This skill packages and deploys trained machine learning models to production using frameworks like Flask and FastAPI, containerization with Docker, and cloud platforms (AWS, GCP, Azure). It includes model serving patterns, monitoring, versioning, and templates for CI/CD and container orchestration. The outcome is a reliable, testable endpoint with observability and rollback support.

How this skill works

The skill trains or loads a serialized model, wraps it in a lightweight inference service (FastAPI/Flask) with input validation and health endpoints, and provides Docker and Docker Compose templates to containerize the service.

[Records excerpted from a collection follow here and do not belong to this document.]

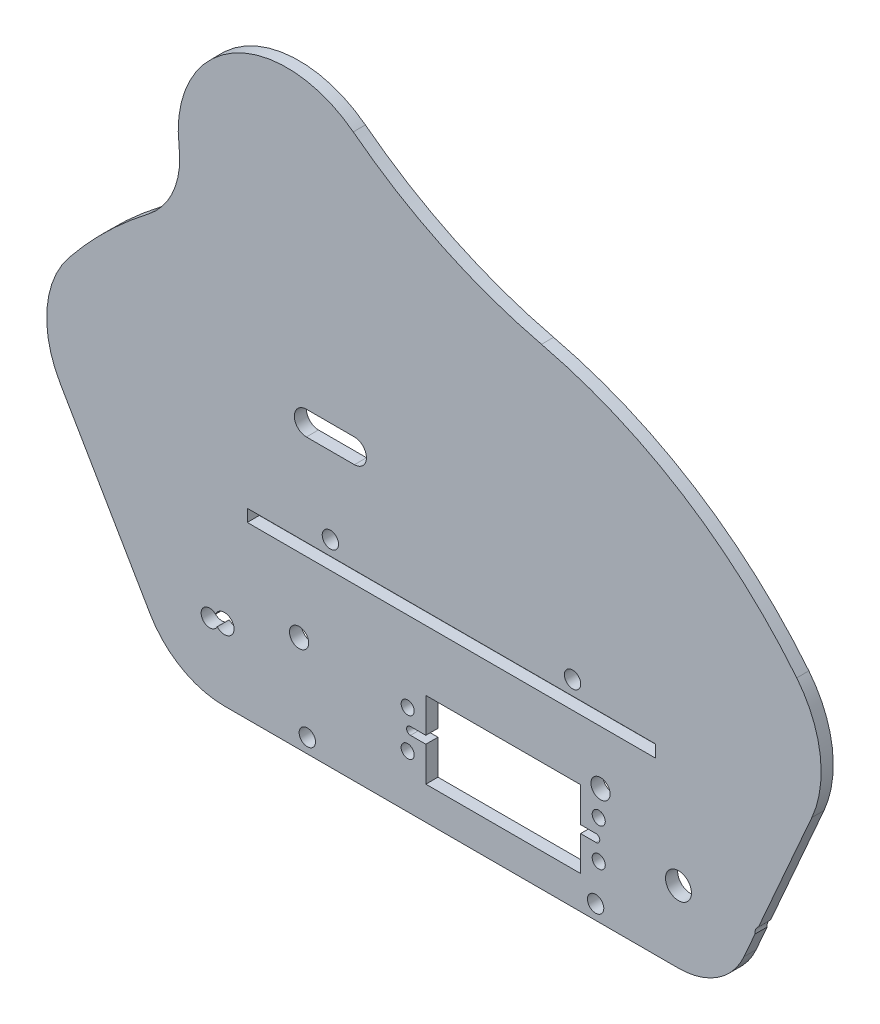
from build123d import *

# Parameters (mm, degrees)
SKETCH1_R           = 3.429
SKETCH1_R_2         = 2.54
BOSS_EXTRUDE1_DEPTH = 3.2004
SKETCH2_R           = 2.159
CUT_EXTRUDE1_DEPTH  = 3.2004
SKETCH5_R           = 1.7272
SKETCH5_W           = 40.894
SKETCH5_H           = 20.32
CUT_EXTRUDE3_DEPTH  = 4.2004
CUT_EXTRUDE4_DEPTH  = 3.2004
CUT_EXTRUDE8_DEPTH  = 3.2004
SKETCH11_W          = 107.95
SKETCH11_H          = 3.2512
CUT_EXTRUDE9_DEPTH  = 3.2004
SKETCH12_R          = 2.2479
CUT_EXTRUDE10_DEPTH = 3.2004
BOSS_EXTRUDE2_DEPTH = 3.2004


with BuildPart() as part:
    # Sketch1 → Boss-Extrude1 (new body)
    with BuildSketch(Plane.XY):
        with BuildLine():
            Line((0, 0), (120.015, 0))
            ThreePointArc((120.015, 0), (130.351788397, 3.075697789), (137.325636158, 11.302152593))
            Line((137.325636158, 11.302152593), (155.257499999, 52.11572))
            ThreePointArc((155.257499999, 52.11572), (157.462147967, 67.664529981), (151.26869294, 82.095991421))
            ThreePointArc((151.26869294, 82.095991421), (55.081013593, 128.103082212), (-41.106665754, 82.095991421))
            ThreePointArc((-41.106665754, 82.095991421), (-46.904819593, 67.459968464), (-43.385473773, 52.11572))
            Line((-43.385473773, 52.11572), (-19.648099871, 11.302152593))
            ThreePointArc((-19.648099871, 11.302152593), (-11.333429333, 3.027112684), (0, 0))
        make_face()
        with Locations((120.015, 18.90776)):
            Circle(SKETCH1_R, mode=Mode.SUBTRACT)
        with Locations((0, 18.90776)):
            Circle(SKETCH1_R_2, mode=Mode.SUBTRACT)
        with Locations((19.734727626, 25.566426992)):
            Circle(SKETCH1_R_2, mode=Mode.SUBTRACT)
        with Locations((99.400822531, 30.809360911)):
            Circle(SKETCH1_R_2, mode=Mode.SUBTRACT)
    extrude(amount=BOSS_EXTRUDE1_DEPTH)

    # Sketch2 → Cut-Extrude1 (cut)
    with BuildSketch(Plane(origin=(0, 0, 0), x_dir=(-1, 0, 0), z_dir=(0, 0, -1))):
        with Locations((-92.0115, 52.115719911)):
            Circle(SKETCH2_R)
        with Locations((-28.0035, 52.115719911)):
            Circle(SKETCH2_R)
        with Locations((-98.1075, 3.81)):
            Circle(SKETCH2_R)
        with Locations((-21.9075, 3.81)):
            Circle(SKETCH2_R)
    extrude(amount=-CUT_EXTRUDE1_DEPTH, mode=Mode.SUBTRACT)

    # Sketch5 → Cut-Extrude3 (cut, through all)
    with BuildSketch(Plane(origin=(0, 0, 0), x_dir=(-1, 0, 0), z_dir=(0, 0, -1))):
        with Locations((-98.932021292, 23.90776)):
            Circle(SKETCH5_R)
        with Locations((-48.432021292, 13.90776)):
            Circle(SKETCH5_R)
        with Locations((-48.432021292, 23.90776)):
            Circle(SKETCH5_R)
        with Locations((-98.932021292, 13.90776)):
            Circle(SKETCH5_R)
        with Locations((-73.682021292, 18.90776)):
            Rectangle(SKETCH5_W, SKETCH5_H)
    extrude(amount=-CUT_EXTRUDE3_DEPTH, mode=Mode.SUBTRACT)

    # Sketch6 → Cut-Extrude4 (cut)
    with BuildSketch(Plane.XY.offset(3.2004)):
        with BuildLine():
            Line((49.171021292, 19.92376), (53.235021292, 19.92376))
            Line((53.235021292, 19.92376), (53.235021292, 17.89176))
            Line((53.235021292, 17.89176), (49.171021292, 17.89176))
            ThreePointArc((49.171021292, 17.89176), (48.155021292, 18.90776), (49.171021292, 19.92376))
        make_face()
        with BuildLine():
            Line((94.129021292, 19.92376), (98.193021292, 19.92376))
            ThreePointArc((98.193021292, 19.92376), (99.209021292, 18.90776), (98.193021292, 17.89176))
            Line((98.193021292, 17.89176), (94.129021292, 17.89176))
            Line((94.129021292, 17.89176), (94.129021292, 19.92376))
        make_face()
    extrude(amount=-CUT_EXTRUDE4_DEPTH, mode=Mode.SUBTRACT)

    # Sketch10 → Cut-Extrude8 (cut)
    with BuildSketch(Plane(origin=(0, 0, 0), x_dir=(-1, 0, 0), z_dir=(0, 0, -1))):
        with BuildLine():
            Line((-34.3535, 78.785719911), (-21.6535, 78.785719911))
            ThreePointArc((-21.6535, 78.785719911), (-18.4785, 75.610719911), (-21.6535, 72.435719911))
            Line((-21.6535, 72.435719911), (-34.3535, 72.435719911))
            ThreePointArc((-34.3535, 72.435719911), (-37.5285, 75.610719911), (-34.3535, 78.785719911))
        make_face()
    extrude(amount=-CUT_EXTRUDE8_DEPTH, mode=Mode.SUBTRACT)

    # Sketch11 → Cut-Extrude9 (cut)
    with BuildSketch(Plane(origin=(0, 0, 0), x_dir=(-1, 0, 0), z_dir=(0, 0, -1))):
        with Locations((-60.0075, 46.680119911)):
            Rectangle(SKETCH11_W, SKETCH11_H)
    extrude(amount=-CUT_EXTRUDE9_DEPTH, mode=Mode.SUBTRACT)

    # Sketch12 → Cut-Extrude10 (cut)
    with BuildSketch(Plane(origin=(0, 0, 0), x_dir=(-1, 0, 0), z_dir=(0, 0, -1))):
        with Locations((-142.479014632, 18.224067698)):
            Circle(SKETCH12_R)
        with Locations((3.91433865, 18.224067698)):
            Circle(SKETCH12_R)
    extrude(amount=-CUT_EXTRUDE10_DEPTH, mode=Mode.SUBTRACT)

    # Sketch13 → Boss-Extrude2 (add)
    with BuildSketch(Plane(origin=(0, 0, 0), x_dir=(-1, 0, 0), z_dir=(0, 0, -1))):
        with BuildLine():
            Line((-83.804619012, 124.717903232), (20.105573885, 102.592791936))
            ThreePointArc((20.105573885, 102.592791936), (13.448555565, 111.243555983), (11.985080528, 122.060665224))
            ThreePointArc((11.985080528, 122.060665224), (-2.230930753, 150.611793246), (-34.052645197, 148.457639581))
            ThreePointArc((-34.052645197, 148.457639581), (-57.67418009, 133.958784174), (-83.804619012, 124.717903232))
        make_face()
    extrude(amount=-BOSS_EXTRUDE2_DEPTH)


solid = part.part
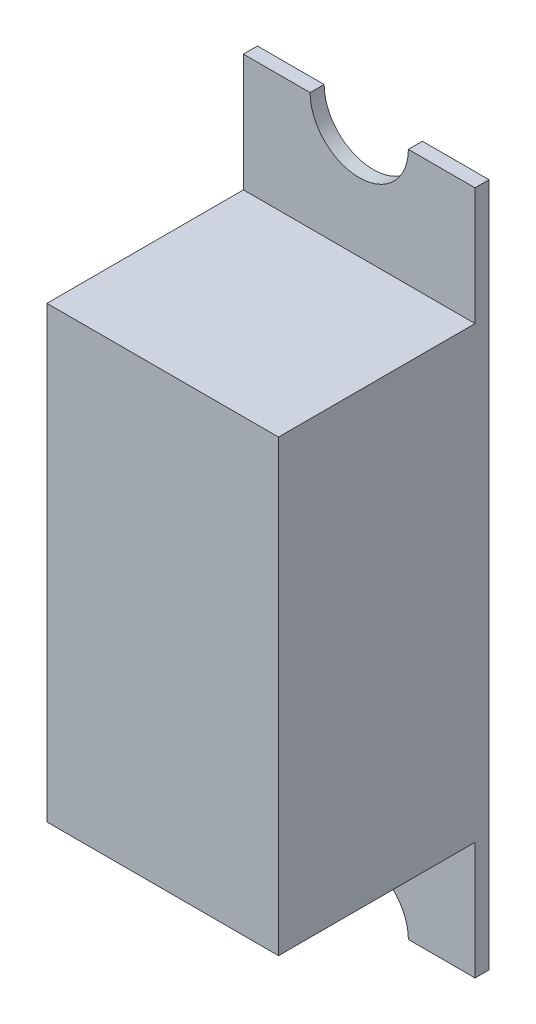
from build123d import *

# Parameters (mm, degrees)
ESQUISSE1_W        = 6.6
ESQUISSE1_H        = 12.8
BOSS_EXTRU_1_DEPTH = 5.6
ESQUISSE2_W        = 1.9
ESQUISSE2_H        = 12.8
ESQUISSE2_W_2      = 2.8
ESQUISSE2_H_2      = 3.35
BOSS_EXTRU_2_DEPTH = 0.4


with BuildPart() as part:
    # Esquisse1 → Boss.-Extru.1 (new body)
    with BuildSketch(Plane.XY):
        with Locations((-3.3, -6.4)):
            Rectangle(ESQUISSE1_W, ESQUISSE1_H)
    extrude(amount=BOSS_EXTRU_1_DEPTH)

    # Esquisse2 → Boss.-Extru.2 (add)
    with BuildSketch(Plane(origin=(0, 0, 0), x_dir=(-1, 0, 0), z_dir=(0, 0, -1))):
        with Locations((0.95, -6.4)):
            Rectangle(ESQUISSE2_W, ESQUISSE2_H)
        with Locations((3.3, -6.4)):
            Rectangle(ESQUISSE2_W_2, ESQUISSE2_H)
        with Locations((5.65, -6.4)):
            Rectangle(ESQUISSE2_W, ESQUISSE2_H)
        with Locations((0.95, -14.475)):
            Rectangle(ESQUISSE2_W, ESQUISSE2_H_2)
        with BuildLine():
            Line((4.7, -12.8), (1.9, -12.8))
            Line((1.9, -12.8), (1.9, -16.15))
            ThreePointArc((1.9, -16.15), (3.3, -14.75), (4.7, -16.15))
            Line((4.7, -16.15), (4.7, -12.8))
        make_face()
        with Locations((5.65, -14.475)):
            Rectangle(ESQUISSE2_W, ESQUISSE2_H_2)
        with Locations((0.95, 1.675)):
            Rectangle(ESQUISSE2_W, ESQUISSE2_H_2)
        with BuildLine():
            ThreePointArc((4.7, 3.35), (3.3, 1.95), (1.9, 3.35))
            Line((1.9, 3.35), (1.9, 0))
            Line((1.9, 0), (4.7, 0))
            Line((4.7, 0), (4.7, 3.35))
        make_face()
        with Locations((5.65, 1.675)):
            Rectangle(ESQUISSE2_W, ESQUISSE2_H_2)
    extrude(amount=BOSS_EXTRU_2_DEPTH)


solid = part.part
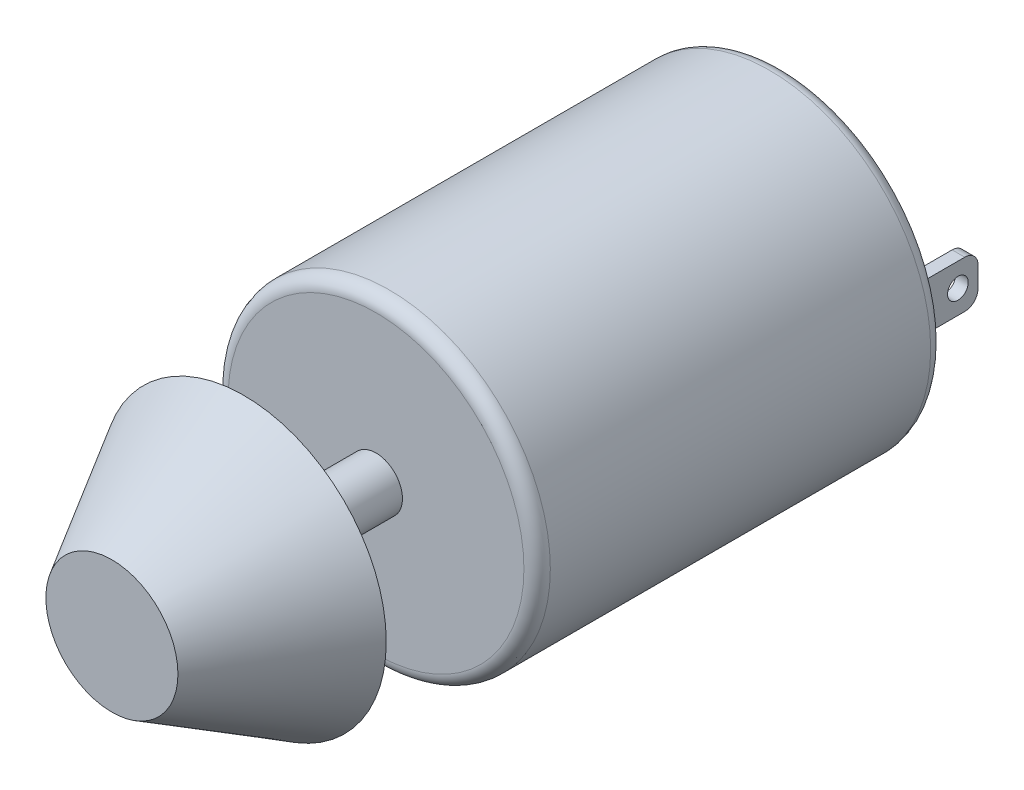
from build123d import *

# Parameters (mm, degrees)
ESBO_O1_R                = 12.2
RESSALTO_EXTRUS_O1_DEPTH = 30.8
FILETE1_R                = 1
ESBO_O2_R                = 2
RESSALTO_EXTRUS_O2_DEPTH = 10
ESBO_O4_W                = 0.958903526
ESBO_O4_H                = 3.564219336
ESBO_O4_W_2              = 0.894406544
RESSALTO_EXTRUS_O3_DEPTH = 5
FILETE2_R                = 1
ESBO_O5_R                = 0.782109668
CORTE_EXTRUS_O2_DEPTH    = 22.982815538
ESBO_O6_R                = 5
RESSALTO_EXTRUS_O5_DEPTH = 10
INCLINA_O3_ANGLE         = 30


with BuildPart() as part:
    # Esboço1 → Ressalto-extrusão1 (new body)
    with BuildSketch(Plane.XY):
        Circle(ESBO_O1_R)
    extrude(amount=RESSALTO_EXTRUS_O1_DEPTH)

    # Filete1
    filete1_edges = [part.edges().sort_by_distance(p)[0] for p in [
        (-12.2, 0, 0),
        (-12.2, 0, 30.8),
    ]]
    fillet(filete1_edges, radius=FILETE1_R)

    # Esboço2 → Ressalto-extrusão2 (add)
    with BuildSketch(Plane.XY.offset(30.8)):
        Circle(ESBO_O2_R)
    extrude(amount=RESSALTO_EXTRUS_O2_DEPTH)

    # Esboço4 → Ressalto-extrusão3 (add)
    with BuildSketch(Plane(origin=(0, 0, 0), x_dir=(-1, 0, 0), z_dir=(0, 0, -1))):
        with Locations((-9.303363775, 0.548104497)):
            Rectangle(ESBO_O4_W, ESBO_O4_H)
        with Locations((8.369776419, 0.548104497)):
            Rectangle(ESBO_O4_W_2, ESBO_O4_H)
    extrude(amount=RESSALTO_EXTRUS_O3_DEPTH)

    # Filete2
    filete2_edges = [part.edges().sort_by_distance(p)[0] for p in [
        (9.303363775, -1.234005171, -5),
        (9.303363775, 2.330214165, -5),
        (-8.369776419, 2.330214165, -5),
        (-8.369776419, -1.234005171, -5),
    ]]
    fillet(filete2_edges, radius=FILETE2_R)

    # Esboço5 → Corte-extrusão2 (cut, through all)
    with BuildSketch(Plane(origin=(9.782815538, 0, 0), x_dir=(0, 0, -1), z_dir=(1, 0, 0))):
        with Locations((3.47716986, 0.548104497)):
            Circle(ESBO_O5_R)
    extrude(amount=-CORTE_EXTRUS_O2_DEPTH, mode=Mode.SUBTRACT)

    # Esboço6 → Ressalto-extrusão5 (add)
    with BuildSketch(Plane.XY.offset(40.8)):
        Circle(ESBO_O6_R)
    extrude(amount=RESSALTO_EXTRUS_O5_DEPTH)

    # Inclinação3
    inclina_o3_faces = [part.faces().sort_by_distance(p)[0] for p in [
        (-5, 0, 45.8),
    ]]
    draft(inclina_o3_faces, Plane.XY.offset(50.8), INCLINA_O3_ANGLE)


solid = part.part

It integrates model serving tools (MLflow, TensorFlow Serving, BentoML), monitoring hooks, and deployment patterns for cloud services or Kubernetes, plus scripts for testing, logging, and basic model registry operations.

When to use it

  • You need a production API for synchronous inference or batch endpoints
  • To containerize and run models on cloud VMs, managed services, or Kubernetes
  • When implementing CI/CD and model versioning for repeatable deployments
  • To add monitoring, health checks, and drift detection in production
  • When optimizing latency, scaling, or GPU acceleration for inference

Best practices

  • Serialize models with portable formats (SavedModel, ONNX, joblib) and store preprocessing artifacts with the model
  • Expose health and metrics endpoints and instrument latencies, request counts, and prediction distributions
  • Validate inputs and return clear error codes; add rate limiting and authentication for public endpoints
  • Use container images and Composer/Kubernetes manifests for reproducible deployments and horizontal scaling
  • Implement model versioning and a rollback plan; log model metadata to a registry (MLflow or similar)

Example use cases

  • Expose a scikit-learn classifier as a REST API with FastAPI and Docker for web applications
  • Deploy a TensorFlow model to TensorFlow Serving behind a load balancer for real-time inference
  • Create scheduled batch prediction jobs for large datasets using containerized workers
  • Push model versions to MLflow registry and automate production rollout via CI/CD pipelines
  • Run model endpoints on Cloud Run, SageMaker, or Vertex AI with Prometheus/Grafana monitoring

FAQ

How do I choose between FastAPI and Flask?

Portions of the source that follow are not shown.